» **PROBLEM STATEMENT**
When the string "schematic" occurs in a line of the records, show that line.

» **RECORDS FOR PROCESSING**

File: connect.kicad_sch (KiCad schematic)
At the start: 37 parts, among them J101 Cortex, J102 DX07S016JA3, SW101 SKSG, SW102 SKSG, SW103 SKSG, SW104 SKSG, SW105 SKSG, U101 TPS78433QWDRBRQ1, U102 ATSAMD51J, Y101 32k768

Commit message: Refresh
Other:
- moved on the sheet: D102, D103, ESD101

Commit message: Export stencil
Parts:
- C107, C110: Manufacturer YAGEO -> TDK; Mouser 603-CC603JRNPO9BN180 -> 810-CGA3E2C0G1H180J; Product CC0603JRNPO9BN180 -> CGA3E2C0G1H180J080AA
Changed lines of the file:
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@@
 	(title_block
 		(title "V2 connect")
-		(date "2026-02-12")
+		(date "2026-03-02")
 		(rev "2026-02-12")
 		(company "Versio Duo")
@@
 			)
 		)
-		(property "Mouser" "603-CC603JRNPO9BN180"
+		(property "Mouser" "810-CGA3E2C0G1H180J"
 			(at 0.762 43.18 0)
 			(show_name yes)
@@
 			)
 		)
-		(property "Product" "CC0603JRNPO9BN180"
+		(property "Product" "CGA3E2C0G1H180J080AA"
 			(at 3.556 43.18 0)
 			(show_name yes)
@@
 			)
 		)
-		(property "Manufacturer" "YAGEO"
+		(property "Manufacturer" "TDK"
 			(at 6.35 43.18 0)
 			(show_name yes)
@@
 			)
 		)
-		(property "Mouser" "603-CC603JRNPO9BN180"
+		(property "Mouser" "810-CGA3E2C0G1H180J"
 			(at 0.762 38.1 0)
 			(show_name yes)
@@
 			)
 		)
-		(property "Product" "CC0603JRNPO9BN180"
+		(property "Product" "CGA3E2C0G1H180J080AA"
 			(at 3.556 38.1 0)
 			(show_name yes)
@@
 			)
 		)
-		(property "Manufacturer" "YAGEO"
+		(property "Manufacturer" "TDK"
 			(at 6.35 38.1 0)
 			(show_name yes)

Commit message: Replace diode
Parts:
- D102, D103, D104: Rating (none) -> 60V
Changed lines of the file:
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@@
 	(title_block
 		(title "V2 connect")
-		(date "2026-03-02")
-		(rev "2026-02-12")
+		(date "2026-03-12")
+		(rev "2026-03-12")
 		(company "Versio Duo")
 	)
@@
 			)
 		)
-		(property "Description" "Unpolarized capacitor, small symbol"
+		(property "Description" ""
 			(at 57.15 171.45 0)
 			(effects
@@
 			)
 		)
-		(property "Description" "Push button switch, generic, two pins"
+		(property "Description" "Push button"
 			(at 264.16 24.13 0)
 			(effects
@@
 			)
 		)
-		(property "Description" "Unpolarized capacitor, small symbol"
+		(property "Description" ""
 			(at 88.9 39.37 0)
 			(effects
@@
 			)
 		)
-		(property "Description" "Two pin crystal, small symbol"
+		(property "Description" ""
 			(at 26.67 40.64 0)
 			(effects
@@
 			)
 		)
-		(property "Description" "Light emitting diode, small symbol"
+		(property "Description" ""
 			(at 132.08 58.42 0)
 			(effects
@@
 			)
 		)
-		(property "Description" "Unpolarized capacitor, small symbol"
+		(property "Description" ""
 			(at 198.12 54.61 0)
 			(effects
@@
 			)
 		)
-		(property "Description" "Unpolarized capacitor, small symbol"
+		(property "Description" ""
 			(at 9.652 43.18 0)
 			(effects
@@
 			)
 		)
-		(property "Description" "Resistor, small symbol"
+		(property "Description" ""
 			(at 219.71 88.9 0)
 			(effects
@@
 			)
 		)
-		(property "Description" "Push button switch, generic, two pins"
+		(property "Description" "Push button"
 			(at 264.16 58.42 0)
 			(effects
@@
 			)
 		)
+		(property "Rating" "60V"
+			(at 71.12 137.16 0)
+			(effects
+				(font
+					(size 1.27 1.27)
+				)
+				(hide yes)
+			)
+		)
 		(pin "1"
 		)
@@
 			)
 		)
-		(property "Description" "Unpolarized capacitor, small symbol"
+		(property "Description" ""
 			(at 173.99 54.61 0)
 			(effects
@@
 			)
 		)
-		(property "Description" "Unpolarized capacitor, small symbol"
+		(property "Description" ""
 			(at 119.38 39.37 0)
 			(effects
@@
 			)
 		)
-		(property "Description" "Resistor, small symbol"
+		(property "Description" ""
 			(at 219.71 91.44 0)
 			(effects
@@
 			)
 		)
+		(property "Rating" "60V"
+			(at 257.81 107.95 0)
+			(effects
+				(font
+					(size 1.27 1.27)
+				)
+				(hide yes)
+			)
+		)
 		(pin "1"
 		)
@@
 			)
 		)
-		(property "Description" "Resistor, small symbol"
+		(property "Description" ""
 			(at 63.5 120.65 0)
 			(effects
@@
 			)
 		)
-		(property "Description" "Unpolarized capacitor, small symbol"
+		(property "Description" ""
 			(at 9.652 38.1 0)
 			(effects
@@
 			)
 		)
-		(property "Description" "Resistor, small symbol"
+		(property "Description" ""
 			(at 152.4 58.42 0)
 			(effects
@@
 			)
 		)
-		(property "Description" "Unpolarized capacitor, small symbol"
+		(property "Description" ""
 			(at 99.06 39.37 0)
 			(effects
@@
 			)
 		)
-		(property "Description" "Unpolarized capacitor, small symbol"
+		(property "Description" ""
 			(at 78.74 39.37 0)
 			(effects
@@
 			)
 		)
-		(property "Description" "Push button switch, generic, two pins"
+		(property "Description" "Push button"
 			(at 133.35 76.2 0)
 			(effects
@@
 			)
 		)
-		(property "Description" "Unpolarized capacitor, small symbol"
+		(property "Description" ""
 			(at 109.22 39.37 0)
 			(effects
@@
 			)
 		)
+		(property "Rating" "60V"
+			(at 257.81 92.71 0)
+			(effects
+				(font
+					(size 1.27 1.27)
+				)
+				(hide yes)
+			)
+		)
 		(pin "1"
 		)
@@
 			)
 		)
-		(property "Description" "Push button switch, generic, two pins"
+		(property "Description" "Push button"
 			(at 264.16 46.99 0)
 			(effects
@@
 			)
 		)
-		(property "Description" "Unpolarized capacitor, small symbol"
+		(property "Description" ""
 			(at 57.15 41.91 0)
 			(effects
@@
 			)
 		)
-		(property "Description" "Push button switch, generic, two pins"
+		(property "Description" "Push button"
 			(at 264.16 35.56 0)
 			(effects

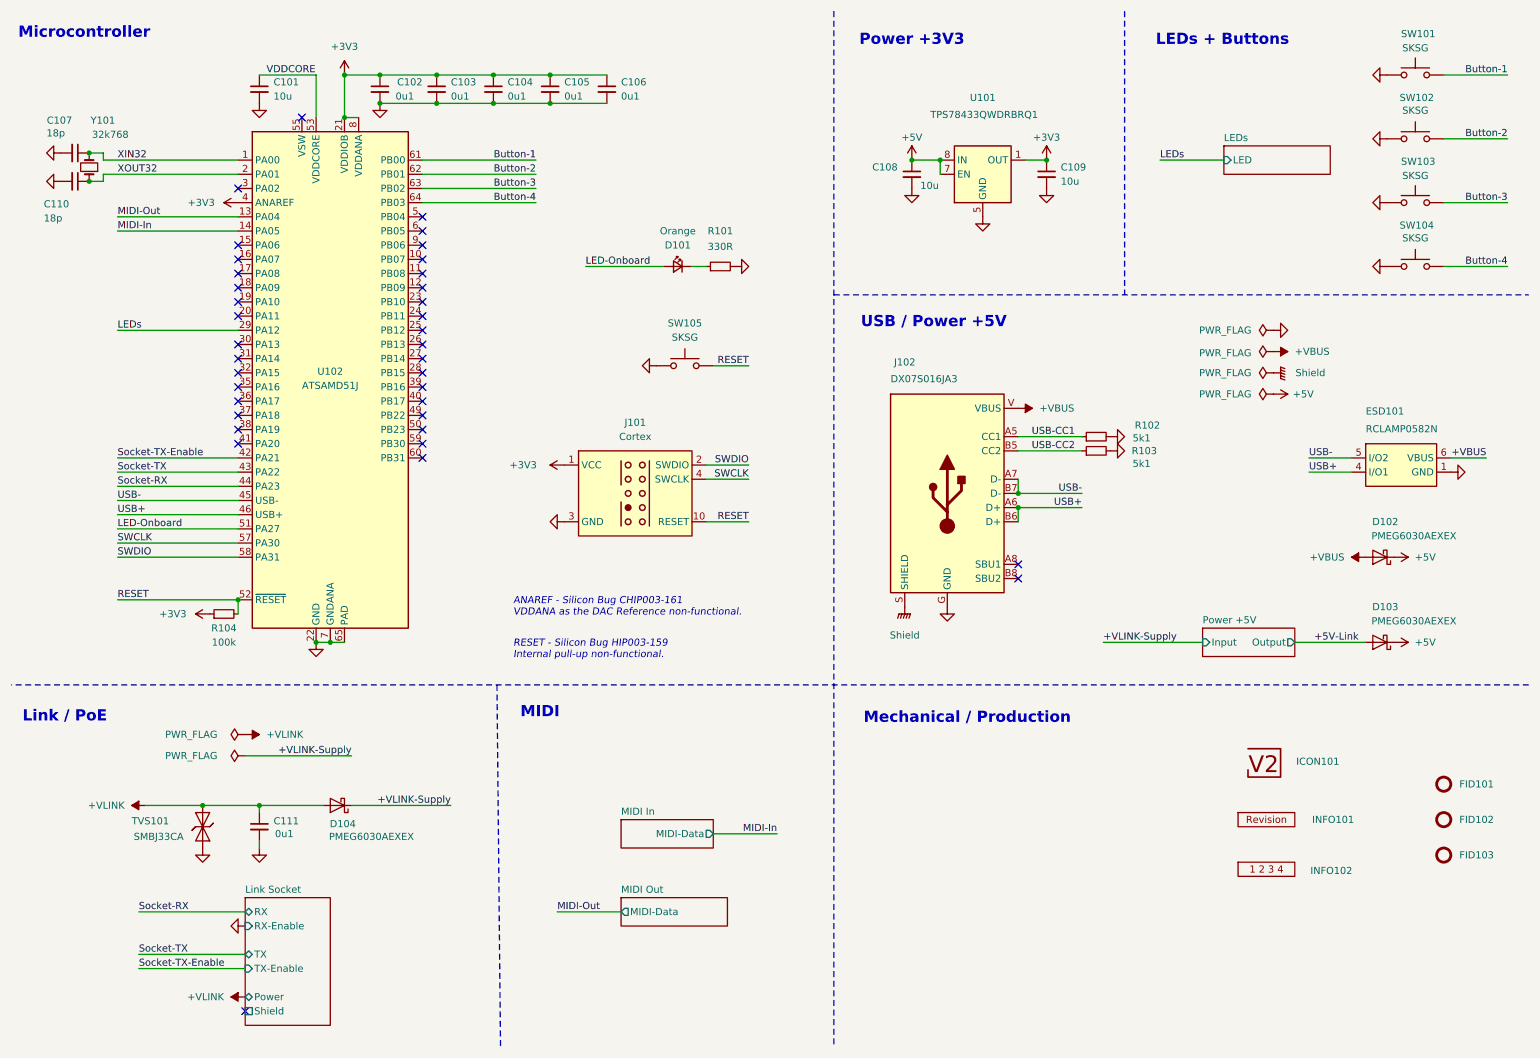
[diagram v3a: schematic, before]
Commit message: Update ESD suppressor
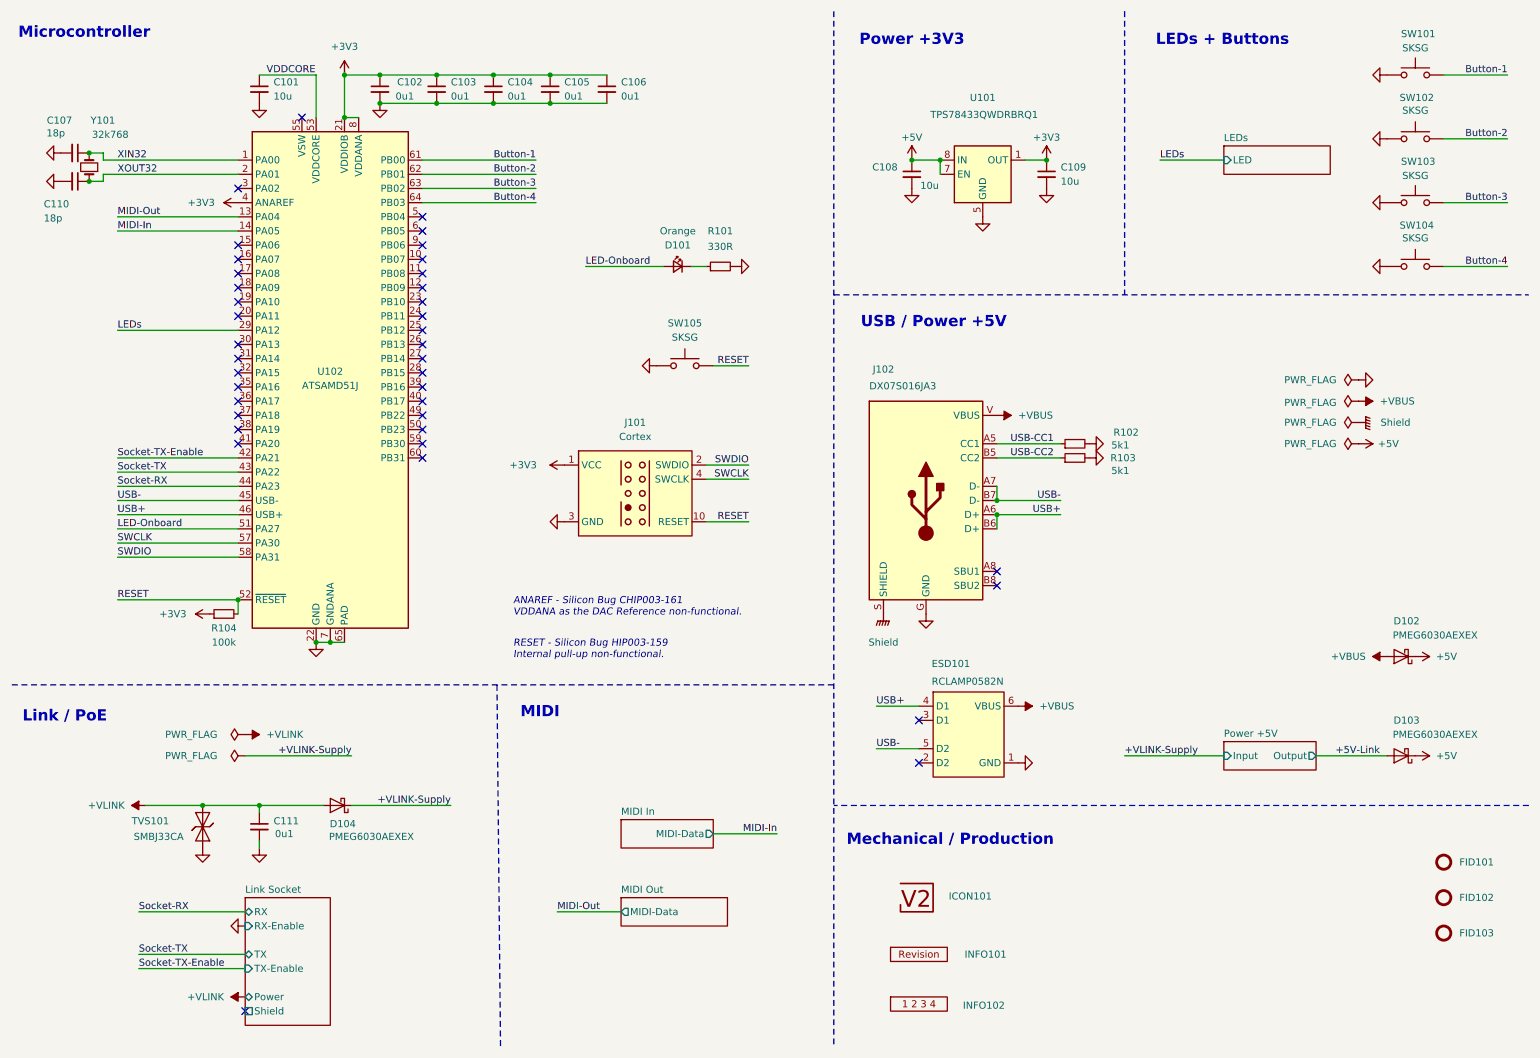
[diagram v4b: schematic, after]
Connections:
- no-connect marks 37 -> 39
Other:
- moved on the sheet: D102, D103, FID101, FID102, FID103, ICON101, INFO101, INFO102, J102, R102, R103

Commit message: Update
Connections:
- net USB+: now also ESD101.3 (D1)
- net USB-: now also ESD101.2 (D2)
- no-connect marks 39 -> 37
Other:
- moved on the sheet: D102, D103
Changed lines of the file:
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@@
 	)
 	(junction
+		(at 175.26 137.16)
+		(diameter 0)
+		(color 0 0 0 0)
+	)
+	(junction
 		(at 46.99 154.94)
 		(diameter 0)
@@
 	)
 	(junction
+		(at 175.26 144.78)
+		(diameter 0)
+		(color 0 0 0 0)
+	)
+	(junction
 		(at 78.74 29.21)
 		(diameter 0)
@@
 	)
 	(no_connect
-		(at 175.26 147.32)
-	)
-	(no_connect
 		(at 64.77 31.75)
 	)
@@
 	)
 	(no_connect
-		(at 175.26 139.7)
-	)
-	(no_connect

» **EXERCISE SOLUTION**
File: connect.kicad_sch (KiCad schematic)
[diagram v3a: schematic, before]
[diagram v4b: schematic, after]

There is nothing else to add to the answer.